**** PROVIDED DATA

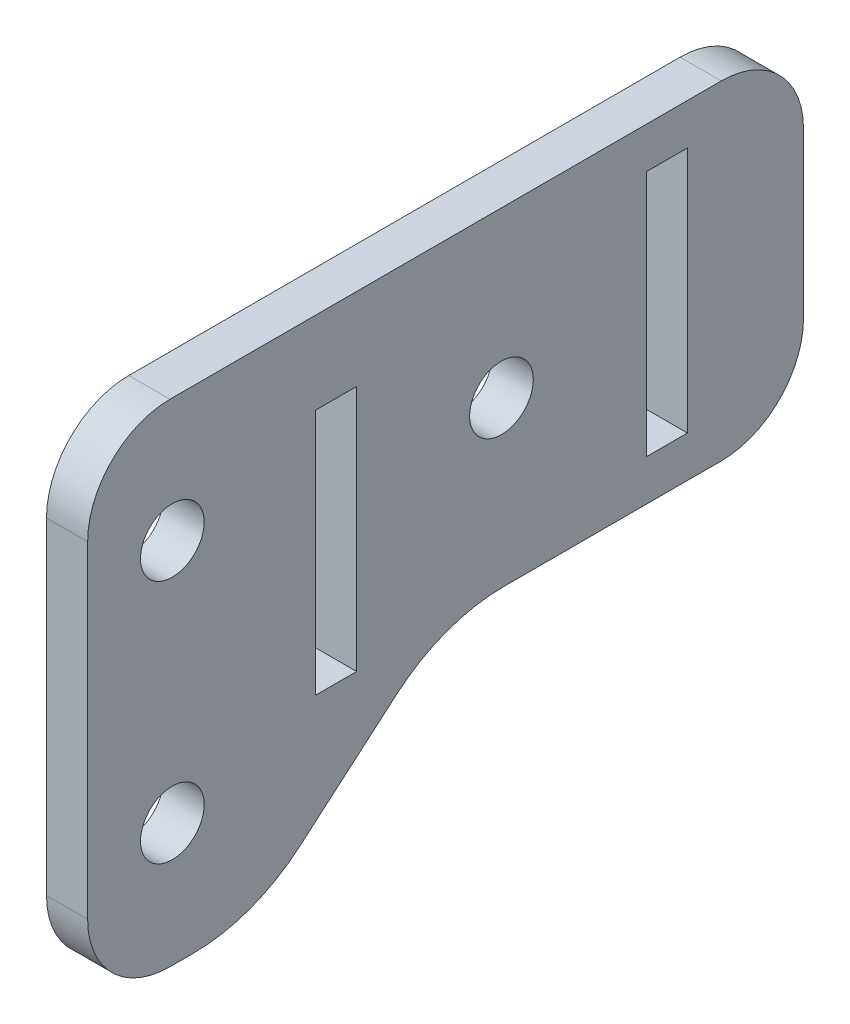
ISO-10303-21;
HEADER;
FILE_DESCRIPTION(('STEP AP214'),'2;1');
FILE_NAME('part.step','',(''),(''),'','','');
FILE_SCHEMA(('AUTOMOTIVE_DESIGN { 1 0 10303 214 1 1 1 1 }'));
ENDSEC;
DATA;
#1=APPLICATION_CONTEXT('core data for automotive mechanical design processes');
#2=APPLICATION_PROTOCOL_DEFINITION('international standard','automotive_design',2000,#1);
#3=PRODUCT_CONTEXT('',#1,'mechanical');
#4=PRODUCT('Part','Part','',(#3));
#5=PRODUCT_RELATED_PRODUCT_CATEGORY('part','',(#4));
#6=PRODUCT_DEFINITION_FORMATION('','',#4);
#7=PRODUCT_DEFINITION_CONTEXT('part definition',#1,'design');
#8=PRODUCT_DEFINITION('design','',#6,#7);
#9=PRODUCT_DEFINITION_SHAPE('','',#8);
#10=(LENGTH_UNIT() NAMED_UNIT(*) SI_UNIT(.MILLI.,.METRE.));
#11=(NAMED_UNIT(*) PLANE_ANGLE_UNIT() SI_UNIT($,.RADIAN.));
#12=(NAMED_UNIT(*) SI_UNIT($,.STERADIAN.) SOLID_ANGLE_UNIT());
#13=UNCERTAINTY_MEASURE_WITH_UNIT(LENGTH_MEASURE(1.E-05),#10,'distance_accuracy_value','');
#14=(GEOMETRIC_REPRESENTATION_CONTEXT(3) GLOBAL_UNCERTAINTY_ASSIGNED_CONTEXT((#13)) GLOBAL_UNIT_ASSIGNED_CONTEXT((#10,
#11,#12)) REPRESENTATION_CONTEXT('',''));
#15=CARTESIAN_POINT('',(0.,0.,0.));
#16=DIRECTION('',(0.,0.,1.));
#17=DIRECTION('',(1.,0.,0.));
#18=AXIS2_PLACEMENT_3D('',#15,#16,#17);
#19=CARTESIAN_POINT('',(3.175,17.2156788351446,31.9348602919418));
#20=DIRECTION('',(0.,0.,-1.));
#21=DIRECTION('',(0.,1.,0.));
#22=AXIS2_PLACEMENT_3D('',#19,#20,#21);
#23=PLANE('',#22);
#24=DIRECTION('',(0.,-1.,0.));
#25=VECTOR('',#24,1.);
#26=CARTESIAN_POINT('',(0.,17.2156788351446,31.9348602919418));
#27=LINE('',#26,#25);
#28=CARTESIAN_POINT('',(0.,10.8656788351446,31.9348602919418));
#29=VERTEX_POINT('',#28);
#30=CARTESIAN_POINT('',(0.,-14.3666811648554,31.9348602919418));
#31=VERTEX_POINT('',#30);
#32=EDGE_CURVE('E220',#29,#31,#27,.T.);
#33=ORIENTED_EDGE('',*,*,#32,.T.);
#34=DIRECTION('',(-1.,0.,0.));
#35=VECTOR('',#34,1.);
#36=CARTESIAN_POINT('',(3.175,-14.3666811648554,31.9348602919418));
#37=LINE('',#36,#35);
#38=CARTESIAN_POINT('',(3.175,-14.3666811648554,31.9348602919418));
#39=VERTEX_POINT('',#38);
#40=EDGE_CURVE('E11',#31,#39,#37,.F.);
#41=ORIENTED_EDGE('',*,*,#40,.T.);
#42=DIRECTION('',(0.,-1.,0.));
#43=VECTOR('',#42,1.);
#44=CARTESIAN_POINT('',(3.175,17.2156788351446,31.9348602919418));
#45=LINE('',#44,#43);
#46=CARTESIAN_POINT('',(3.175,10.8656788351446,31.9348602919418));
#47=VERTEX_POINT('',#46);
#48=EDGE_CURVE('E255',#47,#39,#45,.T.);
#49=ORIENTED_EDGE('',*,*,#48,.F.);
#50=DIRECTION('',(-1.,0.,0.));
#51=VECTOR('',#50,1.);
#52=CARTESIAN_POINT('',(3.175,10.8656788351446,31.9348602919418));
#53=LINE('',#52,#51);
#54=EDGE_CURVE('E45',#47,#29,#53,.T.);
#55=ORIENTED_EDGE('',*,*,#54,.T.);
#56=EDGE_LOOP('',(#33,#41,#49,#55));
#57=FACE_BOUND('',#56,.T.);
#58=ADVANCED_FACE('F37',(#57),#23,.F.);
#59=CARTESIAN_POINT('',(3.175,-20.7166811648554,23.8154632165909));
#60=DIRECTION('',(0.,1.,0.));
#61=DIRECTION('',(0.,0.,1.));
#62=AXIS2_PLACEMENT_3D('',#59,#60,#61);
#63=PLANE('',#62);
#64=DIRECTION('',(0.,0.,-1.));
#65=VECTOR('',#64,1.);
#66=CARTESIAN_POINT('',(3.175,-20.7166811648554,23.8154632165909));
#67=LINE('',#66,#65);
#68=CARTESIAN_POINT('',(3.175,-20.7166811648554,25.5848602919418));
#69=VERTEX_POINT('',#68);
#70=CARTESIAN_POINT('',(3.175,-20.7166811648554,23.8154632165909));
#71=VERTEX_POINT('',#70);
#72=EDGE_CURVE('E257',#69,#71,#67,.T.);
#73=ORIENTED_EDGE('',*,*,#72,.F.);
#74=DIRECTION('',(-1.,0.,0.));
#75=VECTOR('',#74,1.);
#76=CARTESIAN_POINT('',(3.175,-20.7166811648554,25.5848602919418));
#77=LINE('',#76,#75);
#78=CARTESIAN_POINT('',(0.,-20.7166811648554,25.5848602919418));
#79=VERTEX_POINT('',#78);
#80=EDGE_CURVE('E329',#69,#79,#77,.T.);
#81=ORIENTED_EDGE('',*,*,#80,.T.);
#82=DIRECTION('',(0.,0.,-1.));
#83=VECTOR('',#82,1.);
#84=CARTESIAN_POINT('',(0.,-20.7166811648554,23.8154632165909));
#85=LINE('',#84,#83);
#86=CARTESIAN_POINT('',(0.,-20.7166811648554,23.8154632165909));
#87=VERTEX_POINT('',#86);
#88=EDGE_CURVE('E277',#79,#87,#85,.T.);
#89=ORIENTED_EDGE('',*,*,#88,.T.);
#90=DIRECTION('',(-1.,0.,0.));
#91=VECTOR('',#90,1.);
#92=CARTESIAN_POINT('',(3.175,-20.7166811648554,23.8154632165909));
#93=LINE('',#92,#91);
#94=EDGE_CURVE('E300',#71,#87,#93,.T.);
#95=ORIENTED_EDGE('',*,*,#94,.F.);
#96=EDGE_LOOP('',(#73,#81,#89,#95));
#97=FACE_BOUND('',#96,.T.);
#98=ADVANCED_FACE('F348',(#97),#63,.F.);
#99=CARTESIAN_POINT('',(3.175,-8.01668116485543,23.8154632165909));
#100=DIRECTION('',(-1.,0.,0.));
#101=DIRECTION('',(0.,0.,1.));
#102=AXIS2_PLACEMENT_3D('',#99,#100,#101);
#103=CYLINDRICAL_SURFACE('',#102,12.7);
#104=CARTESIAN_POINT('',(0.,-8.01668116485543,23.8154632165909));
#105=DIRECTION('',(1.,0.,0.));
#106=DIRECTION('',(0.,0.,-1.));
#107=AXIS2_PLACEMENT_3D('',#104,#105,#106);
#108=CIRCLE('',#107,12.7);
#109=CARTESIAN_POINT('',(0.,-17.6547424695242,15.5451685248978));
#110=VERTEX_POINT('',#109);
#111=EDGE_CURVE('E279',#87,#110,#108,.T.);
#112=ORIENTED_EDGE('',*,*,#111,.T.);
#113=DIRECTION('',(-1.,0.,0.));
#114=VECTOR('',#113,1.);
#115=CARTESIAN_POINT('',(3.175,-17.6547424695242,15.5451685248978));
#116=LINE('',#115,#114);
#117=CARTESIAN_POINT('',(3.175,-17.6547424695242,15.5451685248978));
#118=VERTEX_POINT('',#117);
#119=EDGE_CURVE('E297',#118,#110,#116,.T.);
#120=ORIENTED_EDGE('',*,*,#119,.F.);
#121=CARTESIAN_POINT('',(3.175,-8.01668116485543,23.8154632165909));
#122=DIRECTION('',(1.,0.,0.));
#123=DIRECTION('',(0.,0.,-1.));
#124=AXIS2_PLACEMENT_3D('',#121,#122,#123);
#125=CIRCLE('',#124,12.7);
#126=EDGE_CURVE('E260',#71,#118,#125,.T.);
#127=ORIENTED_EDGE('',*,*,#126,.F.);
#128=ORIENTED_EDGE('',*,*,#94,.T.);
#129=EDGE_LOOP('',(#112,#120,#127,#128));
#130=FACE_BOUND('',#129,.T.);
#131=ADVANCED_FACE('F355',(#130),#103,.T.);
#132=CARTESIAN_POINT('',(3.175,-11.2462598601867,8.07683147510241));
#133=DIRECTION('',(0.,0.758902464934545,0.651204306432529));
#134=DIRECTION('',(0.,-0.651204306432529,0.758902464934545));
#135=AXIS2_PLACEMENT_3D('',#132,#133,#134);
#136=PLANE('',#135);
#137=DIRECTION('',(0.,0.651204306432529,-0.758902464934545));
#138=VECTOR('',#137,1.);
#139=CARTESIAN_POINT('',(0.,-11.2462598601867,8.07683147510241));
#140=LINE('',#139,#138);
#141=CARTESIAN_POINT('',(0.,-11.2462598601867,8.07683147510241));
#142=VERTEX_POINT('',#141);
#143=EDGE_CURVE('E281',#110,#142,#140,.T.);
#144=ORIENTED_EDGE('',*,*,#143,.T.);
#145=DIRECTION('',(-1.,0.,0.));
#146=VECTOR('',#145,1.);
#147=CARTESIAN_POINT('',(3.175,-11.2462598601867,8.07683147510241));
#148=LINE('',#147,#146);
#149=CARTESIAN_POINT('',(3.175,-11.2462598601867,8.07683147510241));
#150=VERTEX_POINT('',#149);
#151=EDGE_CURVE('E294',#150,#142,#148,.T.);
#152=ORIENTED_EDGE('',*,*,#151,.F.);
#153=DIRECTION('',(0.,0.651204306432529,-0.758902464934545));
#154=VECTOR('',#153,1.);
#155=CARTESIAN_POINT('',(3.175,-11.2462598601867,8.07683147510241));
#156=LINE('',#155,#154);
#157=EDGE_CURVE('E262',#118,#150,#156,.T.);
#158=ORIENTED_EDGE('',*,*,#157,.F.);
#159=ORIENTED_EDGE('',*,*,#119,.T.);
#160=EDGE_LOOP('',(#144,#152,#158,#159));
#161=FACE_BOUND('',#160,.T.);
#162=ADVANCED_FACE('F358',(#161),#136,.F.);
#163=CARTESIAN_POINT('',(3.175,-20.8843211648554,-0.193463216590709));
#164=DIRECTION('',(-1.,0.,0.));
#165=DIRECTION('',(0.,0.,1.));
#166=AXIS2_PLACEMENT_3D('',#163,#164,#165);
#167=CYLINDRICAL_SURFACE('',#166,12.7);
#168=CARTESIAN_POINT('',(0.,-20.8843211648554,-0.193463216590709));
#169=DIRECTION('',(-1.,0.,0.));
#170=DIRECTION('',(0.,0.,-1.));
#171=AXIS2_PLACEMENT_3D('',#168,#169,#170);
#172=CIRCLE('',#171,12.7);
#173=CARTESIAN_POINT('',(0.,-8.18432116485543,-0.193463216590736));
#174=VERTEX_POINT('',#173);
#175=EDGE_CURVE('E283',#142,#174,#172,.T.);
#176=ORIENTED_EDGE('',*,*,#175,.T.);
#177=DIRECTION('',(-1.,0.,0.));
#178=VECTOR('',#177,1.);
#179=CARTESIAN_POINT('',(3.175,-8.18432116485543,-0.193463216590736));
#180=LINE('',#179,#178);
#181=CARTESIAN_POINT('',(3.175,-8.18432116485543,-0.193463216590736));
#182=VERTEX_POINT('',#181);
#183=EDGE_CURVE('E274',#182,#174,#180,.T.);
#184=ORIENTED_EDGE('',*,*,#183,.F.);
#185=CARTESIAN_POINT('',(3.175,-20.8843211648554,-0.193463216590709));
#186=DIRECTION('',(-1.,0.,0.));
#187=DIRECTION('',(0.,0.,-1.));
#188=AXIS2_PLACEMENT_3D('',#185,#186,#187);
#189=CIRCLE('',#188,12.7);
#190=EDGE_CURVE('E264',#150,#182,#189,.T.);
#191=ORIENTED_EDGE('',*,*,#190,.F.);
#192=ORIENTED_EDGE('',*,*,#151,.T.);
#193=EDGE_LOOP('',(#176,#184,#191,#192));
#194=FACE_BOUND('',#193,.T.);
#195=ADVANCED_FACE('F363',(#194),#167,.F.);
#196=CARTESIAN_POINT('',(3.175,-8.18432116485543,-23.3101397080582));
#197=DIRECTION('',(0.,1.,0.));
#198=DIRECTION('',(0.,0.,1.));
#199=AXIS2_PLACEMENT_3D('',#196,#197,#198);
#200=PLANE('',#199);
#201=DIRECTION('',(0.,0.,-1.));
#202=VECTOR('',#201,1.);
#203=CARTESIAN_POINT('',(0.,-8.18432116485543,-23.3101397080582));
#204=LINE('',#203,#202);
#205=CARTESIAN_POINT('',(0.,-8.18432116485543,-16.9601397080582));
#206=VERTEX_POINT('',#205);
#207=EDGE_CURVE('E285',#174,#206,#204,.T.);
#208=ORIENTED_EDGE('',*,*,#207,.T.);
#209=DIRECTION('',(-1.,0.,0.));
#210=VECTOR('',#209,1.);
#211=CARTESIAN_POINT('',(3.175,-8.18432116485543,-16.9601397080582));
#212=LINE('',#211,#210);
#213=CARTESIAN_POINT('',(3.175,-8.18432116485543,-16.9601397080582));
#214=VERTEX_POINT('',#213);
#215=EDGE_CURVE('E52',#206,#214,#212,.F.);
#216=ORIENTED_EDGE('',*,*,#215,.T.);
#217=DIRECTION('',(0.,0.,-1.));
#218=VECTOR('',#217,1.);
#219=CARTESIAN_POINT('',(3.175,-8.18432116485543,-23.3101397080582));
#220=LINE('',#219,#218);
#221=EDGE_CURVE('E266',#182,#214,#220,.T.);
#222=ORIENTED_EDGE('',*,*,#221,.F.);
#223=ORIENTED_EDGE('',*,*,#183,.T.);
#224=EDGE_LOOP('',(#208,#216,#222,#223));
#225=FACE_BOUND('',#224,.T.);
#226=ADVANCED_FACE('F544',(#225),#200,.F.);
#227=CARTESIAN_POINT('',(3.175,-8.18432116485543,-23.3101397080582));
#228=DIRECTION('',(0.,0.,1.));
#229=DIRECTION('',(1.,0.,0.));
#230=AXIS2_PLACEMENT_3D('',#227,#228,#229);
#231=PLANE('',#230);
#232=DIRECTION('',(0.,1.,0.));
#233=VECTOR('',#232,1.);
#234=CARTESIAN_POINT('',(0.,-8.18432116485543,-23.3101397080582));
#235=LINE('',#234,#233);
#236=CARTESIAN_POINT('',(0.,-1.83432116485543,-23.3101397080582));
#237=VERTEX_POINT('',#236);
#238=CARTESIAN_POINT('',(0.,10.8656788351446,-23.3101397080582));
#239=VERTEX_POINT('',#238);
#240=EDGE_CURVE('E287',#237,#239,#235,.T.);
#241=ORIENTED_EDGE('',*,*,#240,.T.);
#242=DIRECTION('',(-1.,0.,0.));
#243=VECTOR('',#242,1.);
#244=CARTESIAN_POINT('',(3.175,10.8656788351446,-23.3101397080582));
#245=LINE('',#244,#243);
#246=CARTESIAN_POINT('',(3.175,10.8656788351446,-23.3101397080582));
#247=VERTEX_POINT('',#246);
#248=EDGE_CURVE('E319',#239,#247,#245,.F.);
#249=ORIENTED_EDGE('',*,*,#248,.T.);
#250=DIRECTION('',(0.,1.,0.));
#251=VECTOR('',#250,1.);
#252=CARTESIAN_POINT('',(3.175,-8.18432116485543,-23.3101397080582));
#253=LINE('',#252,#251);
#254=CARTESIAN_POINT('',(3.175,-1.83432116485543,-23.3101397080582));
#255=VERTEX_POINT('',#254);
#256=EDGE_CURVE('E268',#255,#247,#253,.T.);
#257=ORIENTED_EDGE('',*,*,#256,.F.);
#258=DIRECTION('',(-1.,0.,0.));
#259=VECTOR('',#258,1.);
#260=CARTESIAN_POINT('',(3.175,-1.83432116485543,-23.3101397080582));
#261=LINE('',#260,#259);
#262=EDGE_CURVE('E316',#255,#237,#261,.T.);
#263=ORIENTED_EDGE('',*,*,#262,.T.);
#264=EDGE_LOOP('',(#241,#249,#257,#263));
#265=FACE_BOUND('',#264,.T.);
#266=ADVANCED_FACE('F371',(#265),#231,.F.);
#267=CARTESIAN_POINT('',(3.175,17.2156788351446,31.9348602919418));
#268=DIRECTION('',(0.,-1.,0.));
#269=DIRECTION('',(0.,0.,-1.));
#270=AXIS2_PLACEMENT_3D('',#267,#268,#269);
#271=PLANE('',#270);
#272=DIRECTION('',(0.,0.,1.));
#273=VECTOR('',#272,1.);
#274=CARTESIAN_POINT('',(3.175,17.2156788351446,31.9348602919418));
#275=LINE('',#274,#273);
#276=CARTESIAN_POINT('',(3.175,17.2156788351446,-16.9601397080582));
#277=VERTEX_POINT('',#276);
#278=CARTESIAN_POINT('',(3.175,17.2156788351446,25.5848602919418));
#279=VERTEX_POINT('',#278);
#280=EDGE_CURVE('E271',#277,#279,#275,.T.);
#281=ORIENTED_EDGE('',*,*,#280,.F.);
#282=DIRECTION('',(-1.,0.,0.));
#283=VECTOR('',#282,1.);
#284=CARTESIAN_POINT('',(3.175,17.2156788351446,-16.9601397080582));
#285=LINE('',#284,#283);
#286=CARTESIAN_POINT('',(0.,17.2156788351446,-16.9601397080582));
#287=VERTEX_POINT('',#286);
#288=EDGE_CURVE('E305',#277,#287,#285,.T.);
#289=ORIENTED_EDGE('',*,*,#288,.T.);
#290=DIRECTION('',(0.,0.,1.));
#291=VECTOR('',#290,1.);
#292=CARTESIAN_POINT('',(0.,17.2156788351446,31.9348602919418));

********

- EXERCISE REQUIREMENTS -
Starting at the top of the listing above, reproduce each line up to and including the one with "#1=APPLICATION_CONTEXT('core data for"; omit the pictures.

- RESPONSE -
ISO-10303-21;
HEADER;
FILE_DESCRIPTION(('STEP AP214'),'2;1');
FILE_NAME('part.step','',(''),(''),'','','');
FILE_SCHEMA(('AUTOMOTIVE_DESIGN { 1 0 10303 214 1 1 1 1 }'));
ENDSEC;
DATA;
#1=APPLICATION_CONTEXT('core data for automotive mechanical design processes');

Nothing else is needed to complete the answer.